Work item: Return, word for word, the lines of the listing below from the one with "#3=PRODUCT_CONTEXT('',#1,'mechanical');" through the one with "#15=CARTESIAN_POINT('',(0.,0.,0.));", and no other lines.

Data extracts:
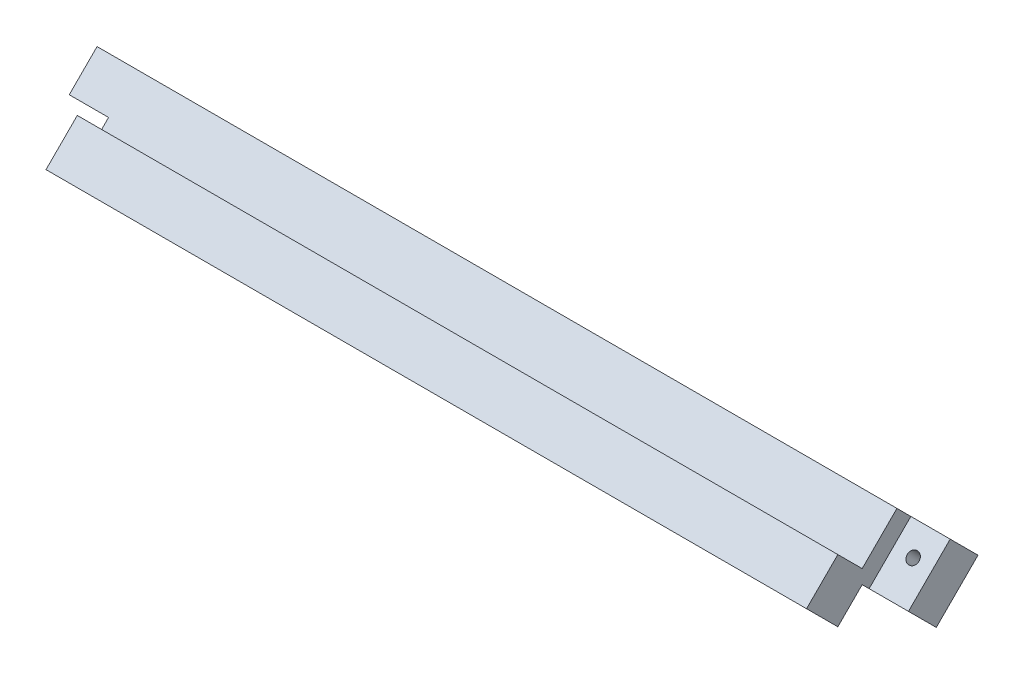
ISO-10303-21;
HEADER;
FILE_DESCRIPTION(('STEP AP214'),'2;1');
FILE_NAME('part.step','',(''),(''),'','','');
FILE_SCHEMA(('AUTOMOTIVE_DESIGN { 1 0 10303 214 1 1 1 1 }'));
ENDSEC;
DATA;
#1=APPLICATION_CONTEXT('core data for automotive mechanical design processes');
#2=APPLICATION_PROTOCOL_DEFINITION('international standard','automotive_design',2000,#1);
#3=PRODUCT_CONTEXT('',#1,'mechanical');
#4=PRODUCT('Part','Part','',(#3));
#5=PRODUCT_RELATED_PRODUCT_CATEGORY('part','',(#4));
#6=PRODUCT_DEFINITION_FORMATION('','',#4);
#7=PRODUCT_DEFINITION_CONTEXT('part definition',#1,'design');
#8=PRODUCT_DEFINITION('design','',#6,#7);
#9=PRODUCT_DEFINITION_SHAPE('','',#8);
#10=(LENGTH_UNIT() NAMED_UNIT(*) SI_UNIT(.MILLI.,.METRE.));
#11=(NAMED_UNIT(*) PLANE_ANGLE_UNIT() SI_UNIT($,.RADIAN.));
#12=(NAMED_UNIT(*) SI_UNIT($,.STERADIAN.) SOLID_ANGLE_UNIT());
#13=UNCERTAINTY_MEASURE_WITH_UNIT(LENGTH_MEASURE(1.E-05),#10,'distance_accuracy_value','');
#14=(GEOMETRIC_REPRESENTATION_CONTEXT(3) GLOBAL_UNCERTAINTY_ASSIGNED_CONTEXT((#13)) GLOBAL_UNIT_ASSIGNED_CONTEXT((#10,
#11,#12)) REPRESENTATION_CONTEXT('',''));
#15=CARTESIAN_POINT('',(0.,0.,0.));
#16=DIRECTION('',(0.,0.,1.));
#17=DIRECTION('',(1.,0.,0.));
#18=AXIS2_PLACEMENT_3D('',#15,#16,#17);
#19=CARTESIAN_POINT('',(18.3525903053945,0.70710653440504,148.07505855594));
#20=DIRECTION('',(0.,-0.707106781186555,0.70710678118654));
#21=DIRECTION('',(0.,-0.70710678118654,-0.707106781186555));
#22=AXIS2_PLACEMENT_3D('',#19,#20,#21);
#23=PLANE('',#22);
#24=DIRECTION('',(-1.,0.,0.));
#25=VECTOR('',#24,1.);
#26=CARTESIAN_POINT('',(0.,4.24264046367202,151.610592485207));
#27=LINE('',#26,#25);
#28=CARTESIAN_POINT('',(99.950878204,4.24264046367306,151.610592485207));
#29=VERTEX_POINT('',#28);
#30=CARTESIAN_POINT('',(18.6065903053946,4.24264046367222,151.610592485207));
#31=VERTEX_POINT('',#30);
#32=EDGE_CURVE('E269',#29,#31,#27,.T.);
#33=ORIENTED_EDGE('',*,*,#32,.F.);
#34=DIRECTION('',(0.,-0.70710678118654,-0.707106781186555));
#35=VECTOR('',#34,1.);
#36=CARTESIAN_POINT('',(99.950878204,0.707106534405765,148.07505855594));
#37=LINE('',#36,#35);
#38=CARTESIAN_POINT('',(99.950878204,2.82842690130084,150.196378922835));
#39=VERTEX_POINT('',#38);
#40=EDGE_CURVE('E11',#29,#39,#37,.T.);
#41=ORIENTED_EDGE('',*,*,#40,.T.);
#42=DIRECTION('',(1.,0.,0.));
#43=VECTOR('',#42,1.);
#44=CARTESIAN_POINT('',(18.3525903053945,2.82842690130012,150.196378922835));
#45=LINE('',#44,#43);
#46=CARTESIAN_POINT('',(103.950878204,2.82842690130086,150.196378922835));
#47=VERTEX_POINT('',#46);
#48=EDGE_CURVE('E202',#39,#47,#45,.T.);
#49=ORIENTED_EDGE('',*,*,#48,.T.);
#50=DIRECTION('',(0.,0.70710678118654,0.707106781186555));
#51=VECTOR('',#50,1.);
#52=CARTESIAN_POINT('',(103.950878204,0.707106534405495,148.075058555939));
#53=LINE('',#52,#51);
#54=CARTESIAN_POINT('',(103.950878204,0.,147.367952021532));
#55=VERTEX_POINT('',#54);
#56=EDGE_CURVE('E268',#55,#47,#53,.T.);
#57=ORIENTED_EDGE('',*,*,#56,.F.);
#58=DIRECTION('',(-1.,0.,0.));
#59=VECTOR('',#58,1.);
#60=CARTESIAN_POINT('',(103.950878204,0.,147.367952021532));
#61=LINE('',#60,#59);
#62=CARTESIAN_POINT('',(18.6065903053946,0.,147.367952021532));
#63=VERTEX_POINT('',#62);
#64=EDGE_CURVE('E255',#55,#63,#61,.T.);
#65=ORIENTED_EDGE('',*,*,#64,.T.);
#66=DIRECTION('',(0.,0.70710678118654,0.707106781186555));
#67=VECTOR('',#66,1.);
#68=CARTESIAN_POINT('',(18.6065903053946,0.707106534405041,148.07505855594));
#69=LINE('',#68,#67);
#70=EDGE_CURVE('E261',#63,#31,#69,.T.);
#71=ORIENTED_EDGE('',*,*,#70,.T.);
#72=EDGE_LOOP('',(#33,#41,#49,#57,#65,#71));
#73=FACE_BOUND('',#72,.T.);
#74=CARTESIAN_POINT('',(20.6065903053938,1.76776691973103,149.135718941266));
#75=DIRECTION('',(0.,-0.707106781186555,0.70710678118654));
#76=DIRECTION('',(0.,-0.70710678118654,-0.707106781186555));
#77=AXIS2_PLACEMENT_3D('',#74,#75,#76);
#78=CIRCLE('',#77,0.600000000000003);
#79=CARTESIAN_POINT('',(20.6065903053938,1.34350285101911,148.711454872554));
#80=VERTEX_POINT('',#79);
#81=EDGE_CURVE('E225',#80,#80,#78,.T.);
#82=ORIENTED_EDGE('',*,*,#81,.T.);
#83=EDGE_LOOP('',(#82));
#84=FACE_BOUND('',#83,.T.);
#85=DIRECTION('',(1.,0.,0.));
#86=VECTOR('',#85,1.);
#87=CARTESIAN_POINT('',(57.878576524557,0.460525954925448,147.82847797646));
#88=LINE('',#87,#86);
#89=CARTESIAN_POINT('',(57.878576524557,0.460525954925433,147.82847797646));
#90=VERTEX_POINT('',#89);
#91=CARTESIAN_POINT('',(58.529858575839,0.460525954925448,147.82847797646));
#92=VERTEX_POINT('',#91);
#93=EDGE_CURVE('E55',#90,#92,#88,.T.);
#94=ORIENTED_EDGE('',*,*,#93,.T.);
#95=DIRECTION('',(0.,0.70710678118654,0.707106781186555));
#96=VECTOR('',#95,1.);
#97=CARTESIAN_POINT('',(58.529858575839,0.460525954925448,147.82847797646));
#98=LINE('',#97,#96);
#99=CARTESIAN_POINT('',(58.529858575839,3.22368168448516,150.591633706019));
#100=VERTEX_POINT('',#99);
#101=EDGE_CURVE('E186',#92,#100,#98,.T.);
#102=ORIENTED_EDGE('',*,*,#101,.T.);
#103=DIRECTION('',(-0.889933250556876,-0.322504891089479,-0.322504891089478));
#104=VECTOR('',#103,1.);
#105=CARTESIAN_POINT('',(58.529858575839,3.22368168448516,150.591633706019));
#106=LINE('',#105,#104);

Answer box:
#3=PRODUCT_CONTEXT('',#1,'mechanical');
#4=PRODUCT('Part','Part','',(#3));
#5=PRODUCT_RELATED_PRODUCT_CATEGORY('part','',(#4));
#6=PRODUCT_DEFINITION_FORMATION('','',#4);
#7=PRODUCT_DEFINITION_CONTEXT('part definition',#1,'design');
#8=PRODUCT_DEFINITION('design','',#6,#7);
#9=PRODUCT_DEFINITION_SHAPE('','',#8);
#10=(LENGTH_UNIT() NAMED_UNIT(*) SI_UNIT(.MILLI.,.METRE.));
#11=(NAMED_UNIT(*) PLANE_ANGLE_UNIT() SI_UNIT($,.RADIAN.));
#12=(NAMED_UNIT(*) SI_UNIT($,.STERADIAN.) SOLID_ANGLE_UNIT());
#13=UNCERTAINTY_MEASURE_WITH_UNIT(LENGTH_MEASURE(1.E-05),#10,'distance_accuracy_value','');
#14=(GEOMETRIC_REPRESENTATION_CONTEXT(3) GLOBAL_UNCERTAINTY_ASSIGNED_CONTEXT((#13)) GLOBAL_UNIT_ASSIGNED_CONTEXT((#10,
#11,#12)) REPRESENTATION_CONTEXT('',''));
#15=CARTESIAN_POINT('',(0.,0.,0.));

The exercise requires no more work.